#### Records provided ####

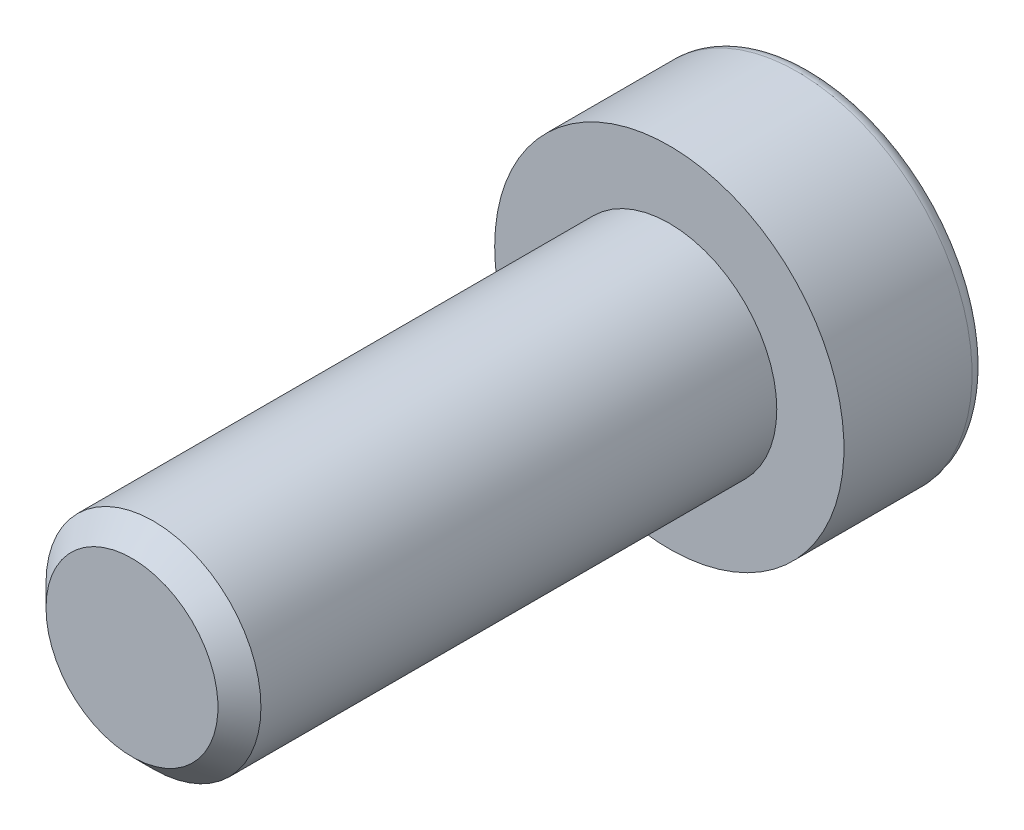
from build123d import *

# Parameters (mm, degrees)
ENLEV_MAT_EXTRU1_DEPTH = 4
ESQUISSE3_W            = 4
ESQUISSE3_H            = 20
CHANFREIN1_SIZE        = 0.8


with BuildPart() as part:
    # Esquisse1 → Base-R_volution (revolve)
    with BuildSketch(Plane(origin=(0, 0, 0), x_dir=(1, 0, 0), z_dir=(0, 1, 0)), mode=Mode.PRIVATE) as base_r_volution_sk:
        with BuildLine():
            Line((0, 0), (6.5, 0))
            Line((6.5, 0), (6.5, 4.77))
            ThreePointArc((6.5, 4.77), (6.344766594, 5.144766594), (5.97, 5.3))
            Line((5.97, 5.3), (0, 5.3))
            Line((0, 5.3), (0, 0))
        make_face()
    revolve(base_r_volution_sk.sketch.rotate(Axis((0, 0, 0), (0, 0, -1)), 180), axis=Axis((0, 0, 0), (0, 0, -1)))

    # Esquisse2 → enlev-mat-Extru1 (cut)
    with BuildSketch(Plane.XY.offset(-5.3)):
        Polygon((3, -1.732050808), (3, 1.732050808), (0, 3.464101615), (-3, 1.732050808), (-3, -1.732050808), (0, -3.464101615), align=None)
    extrude(amount=ENLEV_MAT_EXTRU1_DEPTH, mode=Mode.SUBTRACT)

    # Esquisse3 → Boss.-R_vol.1 (revolve)
    with BuildSketch(Plane(origin=(0, 0, 0), x_dir=(1, 0, 0), z_dir=(0, 1, 0))):
        with Locations((2, -10)):
            Rectangle(ESQUISSE3_W, ESQUISSE3_H)
    revolve(axis=Axis((0, 0, 0), (0, 0, 1)))

    # Chanfrein1
    chanfrein1_edges = [part.edges().sort_by_distance(p)[0] for p in [
        (-4, 0, 20),
    ]]
    chamfer(chanfrein1_edges, length=CHANFREIN1_SIZE)


solid = part.part

####

Exercise details
Give back the material above exactly, without pictures.

Task solution
from build123d import *

# Parameters (mm, degrees)
ENLEV_MAT_EXTRU1_DEPTH = 4
ESQUISSE3_W            = 4
ESQUISSE3_H            = 20
CHANFREIN1_SIZE        = 0.8


with BuildPart() as part:
    # Esquisse1 → Base-R_volution (revolve)
    with BuildSketch(Plane(origin=(0, 0, 0), x_dir=(1, 0, 0), z_dir=(0, 1, 0)), mode=Mode.PRIVATE) as base_r_volution_sk:
        with BuildLine():
            Line((0, 0), (6.5, 0))
            Line((6.5, 0), (6.5, 4.77))
            ThreePointArc((6.5, 4.77), (6.344766594, 5.144766594), (5.97, 5.3))
            Line((5.97, 5.3), (0, 5.3))
            Line((0, 5.3), (0, 0))
        make_face()
    revolve(base_r_volution_sk.sketch.rotate(Axis((0, 0, 0), (0, 0, -1)), 180), axis=Axis((0, 0, 0), (0, 0, -1)))

    # Esquisse2 → enlev-mat-Extru1 (cut)
    with BuildSketch(Plane.XY.offset(-5.3)):
        Polygon((3, -1.732050808), (3, 1.732050808), (0, 3.464101615), (-3, 1.732050808), (-3, -1.732050808), (0, -3.464101615), align=None)
    extrude(amount=ENLEV_MAT_EXTRU1_DEPTH, mode=Mode.SUBTRACT)

    # Esquisse3 → Boss.-R_vol.1 (revolve)
    with BuildSketch(Plane(origin=(0, 0, 0), x_dir=(1, 0, 0), z_dir=(0, 1, 0))):
        with Locations((2, -10)):
            Rectangle(ESQUISSE3_W, ESQUISSE3_H)
    revolve(axis=Axis((0, 0, 0), (0, 0, 1)))

    # Chanfrein1
    chanfrein1_edges = [part.edges().sort_by_distance(p)[0] for p in [
        (-4, 0, 20),
    ]]
    chamfer(chanfrein1_edges, length=CHANFREIN1_SIZE)


solid = part.part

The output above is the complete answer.